═════ WORKING DATA ═════

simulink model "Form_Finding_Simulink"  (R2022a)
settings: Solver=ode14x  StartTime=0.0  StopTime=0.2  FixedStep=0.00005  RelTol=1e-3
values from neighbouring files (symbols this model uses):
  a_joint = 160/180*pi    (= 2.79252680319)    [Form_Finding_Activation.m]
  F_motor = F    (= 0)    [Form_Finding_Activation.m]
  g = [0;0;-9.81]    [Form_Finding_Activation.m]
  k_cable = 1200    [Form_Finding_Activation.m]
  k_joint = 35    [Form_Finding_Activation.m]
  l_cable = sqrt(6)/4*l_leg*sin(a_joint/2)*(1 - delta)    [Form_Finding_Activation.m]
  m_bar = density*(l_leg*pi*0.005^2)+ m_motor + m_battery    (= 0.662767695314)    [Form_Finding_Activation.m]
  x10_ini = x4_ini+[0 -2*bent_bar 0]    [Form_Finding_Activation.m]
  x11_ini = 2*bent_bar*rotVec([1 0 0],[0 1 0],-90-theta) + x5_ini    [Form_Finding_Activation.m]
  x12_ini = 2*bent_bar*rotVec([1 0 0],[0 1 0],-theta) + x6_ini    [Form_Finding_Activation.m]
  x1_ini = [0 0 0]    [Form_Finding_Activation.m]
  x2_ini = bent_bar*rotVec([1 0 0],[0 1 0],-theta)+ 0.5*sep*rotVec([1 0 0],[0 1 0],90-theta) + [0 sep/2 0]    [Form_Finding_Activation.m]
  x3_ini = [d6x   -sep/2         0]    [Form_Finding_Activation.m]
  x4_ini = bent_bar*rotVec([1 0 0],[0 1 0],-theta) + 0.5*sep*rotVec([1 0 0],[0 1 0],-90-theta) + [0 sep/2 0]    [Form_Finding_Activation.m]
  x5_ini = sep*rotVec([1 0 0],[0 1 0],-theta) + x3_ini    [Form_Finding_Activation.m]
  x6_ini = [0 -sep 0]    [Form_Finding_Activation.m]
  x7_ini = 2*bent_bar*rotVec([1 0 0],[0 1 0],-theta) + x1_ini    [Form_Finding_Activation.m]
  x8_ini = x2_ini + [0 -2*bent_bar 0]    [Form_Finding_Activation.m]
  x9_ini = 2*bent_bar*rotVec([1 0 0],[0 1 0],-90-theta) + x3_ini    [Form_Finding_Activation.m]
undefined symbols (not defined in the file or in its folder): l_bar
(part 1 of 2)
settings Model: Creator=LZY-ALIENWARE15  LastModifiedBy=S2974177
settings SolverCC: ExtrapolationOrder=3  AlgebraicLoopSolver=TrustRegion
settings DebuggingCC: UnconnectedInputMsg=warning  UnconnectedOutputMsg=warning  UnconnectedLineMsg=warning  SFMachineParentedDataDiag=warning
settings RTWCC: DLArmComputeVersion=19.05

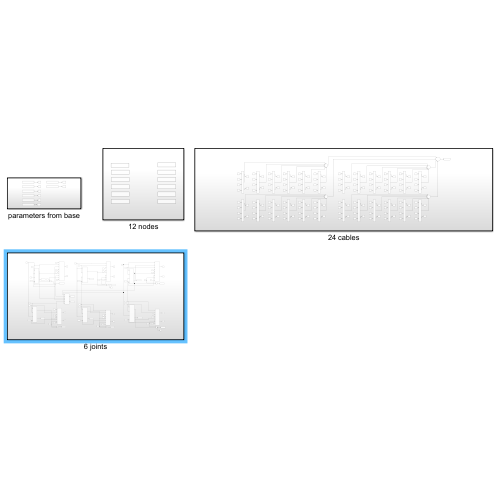
[thumbnail: Simulink's stored preview of the top-level diagram]
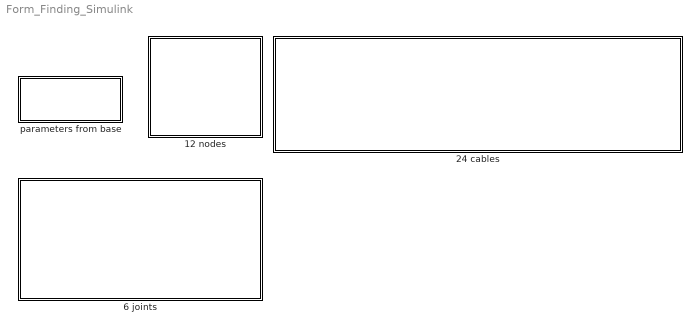
== system Form_Finding_Simulink ==
  "12 nodes " : Subsystem
  24 cables : Subsystem
  6 joints : Subsystem
  parameters from base : Subsystem

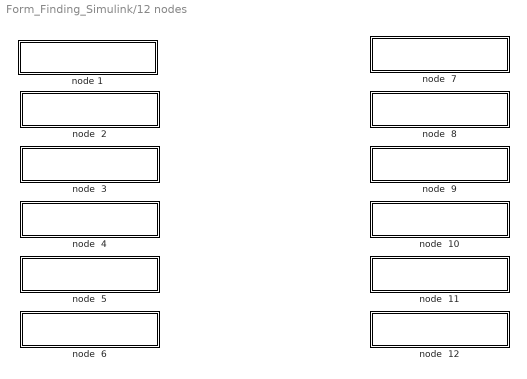
== system Form_Finding_Simulink/12 nodes  ==
  node  10 : Subsystem
  node  11 : Subsystem
  node  12 : Subsystem
  node  2 : Subsystem
  node  3 : Subsystem
  node  4 : Subsystem
  node  5 : Subsystem
  node  6 : Subsystem
  node  7 : Subsystem
  node  8 : Subsystem
  node  9 : Subsystem
  node 1 : Subsystem

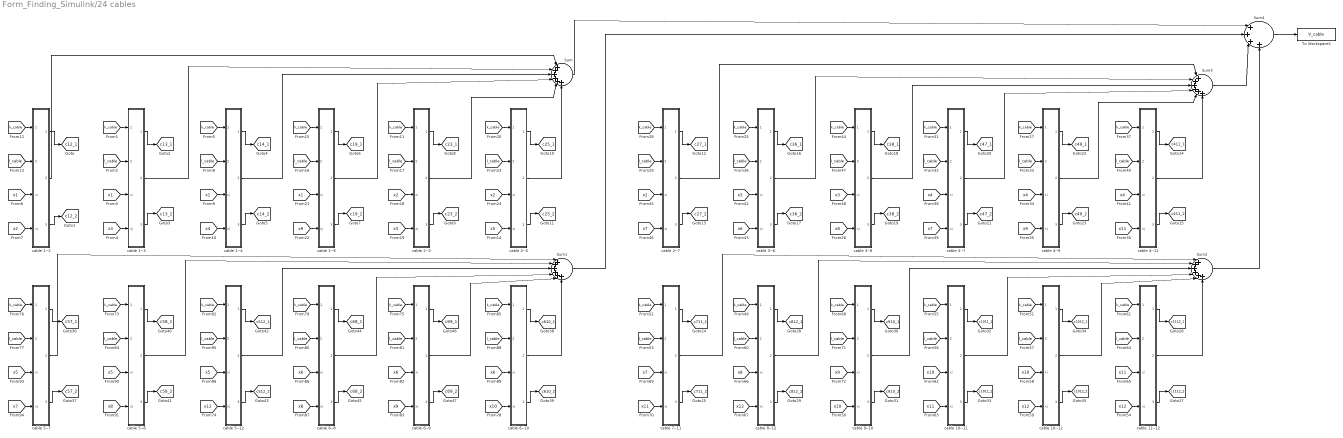
== system Form_Finding_Simulink/24 cables ==
  Sum{,1..3} (4 alike) : Sum  Inputs=|++++++
  Sum4 : Sum  Inputs=|++++
  To Workspace1 : ToWorkspace  VariableName=V_cable  SaveFormat=Timeseries  SampleTime=-1
  cable 1--2 : MATLAB Function  TreatAsAtomicUnit=on
  cable 1--3 : MATLAB Function  TreatAsAtomicUnit=on
  cable 1--4 : MATLAB Function  TreatAsAtomicUnit=on
  cable 1--9 : MATLAB Function  TreatAsAtomicUnit=on
  cable 10--11 : MATLAB Function  TreatAsAtomicUnit=on
  cable 10--12 : MATLAB Function  TreatAsAtomicUnit=on
  cable 11--12 : MATLAB Function  TreatAsAtomicUnit=on
  cable 2--3 : MATLAB Function  TreatAsAtomicUnit=on
  cable 2--5 : MATLAB Function  TreatAsAtomicUnit=on
  cable 2--7 : MATLAB Function  TreatAsAtomicUnit=on
  cable 3--6 : MATLAB Function  TreatAsAtomicUnit=on
  cable 3--8 : MATLAB Function  TreatAsAtomicUnit=on
  cable 4--11 : MATLAB Function  TreatAsAtomicUnit=on
  cable 4--7 : MATLAB Function  TreatAsAtomicUnit=on
  cable 4--9 : MATLAB Function  TreatAsAtomicUnit=on
  cable 5--12 : MATLAB Function  TreatAsAtomicUnit=on
  cable 5--7 : MATLAB Function  TreatAsAtomicUnit=on
  cable 5--8 : MATLAB Function  TreatAsAtomicUnit=on
  cable 6--10 : MATLAB Function  TreatAsAtomicUnit=on
  cable 6--8 : MATLAB Function  TreatAsAtomicUnit=on
  cable 6--9 : MATLAB Function  TreatAsAtomicUnit=on
  cable 7--11 : MATLAB Function  TreatAsAtomicUnit=on
  cable 8--12 : MATLAB Function  TreatAsAtomicUnit=on
  cable 9--10 : MATLAB Function  TreatAsAtomicUnit=on
  tag scope: c1011_1=global, c1011_2=global, c1012_1=global, c1012_2=global, c1112_1=global, c1112_2=global, c12_1=global, c12_2=global, c13_1=global, c13_2=global, c14_1=global, c14_2=global, c19_1=global, c19_2=global, c23_1=global, c23_2=global, c25_1=global, c25_2=global, c27_1=global, c27_2=global, c36_1=global, c36_2=global, c38_1=global, c38_2=global, c411_1=global, c411_2=global, c47_1=global, c47_2=global, c49_1=global, c49_2=global, c512_1=global, c512_2=global, c57_1=global, c57_2=global, c58_1=global, c58_2=global, c610_1=global, c610_2=global, c68_1=global, c68_2=global, c69_1=global, c69_2=global, c711_1=global, c711_2=global, c812_1=global, c812_2=global, c910_1=global, c910_2=global
  wires:
  [k_cable] -> cable 1--2/1(k_cable)
  [x1] -> cable 1--2/3(xi)
  [x2] -> cable 1--2/4(xj)
  cable 1--2/1(out_i) -> [c12_1]
  cable 1--2/3(out_j) -> [c12_2]
  [l_cable] -> cable 1--2/2(l_cable)
  [l_cable] -> cable 1--3/2(l_cable)
  [x1] -> cable 1--3/3(xi)
  [x3] -> cable 1--3/4(xj)
  cable 1--3/3(out_j) -> [c13_2]
  [k_cable] -> cable 1--3/1(k_cable)
  cable 1--3/1(out_i) -> [c13_1]
  [l_cable] -> cable 1--4/2(l_cable)
  [x1] -> cable 1--4/3(xi)
  [x4] -> cable 1--4/4(xj)
  cable 1--4/3(out_j) -> [c14_2]
  [k_cable] -> cable 1--4/1(k_cable)
  cable 1--4/1(out_i) -> [c14_1]
  [l_cable] -> cable 2--3/2(l_cable)
  [k_cable] -> cable 2--5/1(k_cable)
  cable 2--5/1(out_i) -> [c25_1]
  [x2] -> cable 2--5/3(xi)
  cable 2--5/3(out_j) -> [c25_2]
  cable 2--3/1(out_i) -> [c23_1]
  cable 2--3/3(out_j) -> [c23_2]
  [x3] -> cable 2--3/4(xj)
  [x1] -> cable 1--9/3(xi)
  [l_cable] -> cable 1--9/2(l_cable)
  [l_cable] -> cable 2--5/2(l_cable)
  [x9] -> cable 1--9/4(xj)
  [k_cable] -> cable 1--9/1(k_cable)
  [x2] -> cable 2--3/3(xi)
  cable 1--9/3(out_j) -> [c19_2]
  [k_cable] -> cable 2--3/1(k_cable)
  cable 1--9/1(out_i) -> [c19_1]
  [x5] -> cable 2--5/4(xj)
  [l_cable] -> cable 3--6/2(l_cable)
  [k_cable] -> cable 3--8/1(k_cable)
  cable 3--8/1(out_i) -> [c38_1]
  cable 3--8/3(out_j) -> [c38_2]
  cable 3--6/1(out_i) -> [c36_1]
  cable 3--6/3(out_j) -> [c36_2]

═════

→ EXERCISE OBJECTIVE
From the data above, output only the lines between the line containing "values from neighbouring" and the line containing "k_joint = 35", inclusive, exactly as written.

→ RESULT OF THIS TASK
values from neighbouring files (symbols this model uses):
  a_joint = 160/180*pi    (= 2.79252680319)    [Form_Finding_Activation.m]
  F_motor = F    (= 0)    [Form_Finding_Activation.m]
  g = [0;0;-9.81]    [Form_Finding_Activation.m]
  k_cable = 1200    [Form_Finding_Activation.m]
  k_joint = 35    [Form_Finding_Activation.m]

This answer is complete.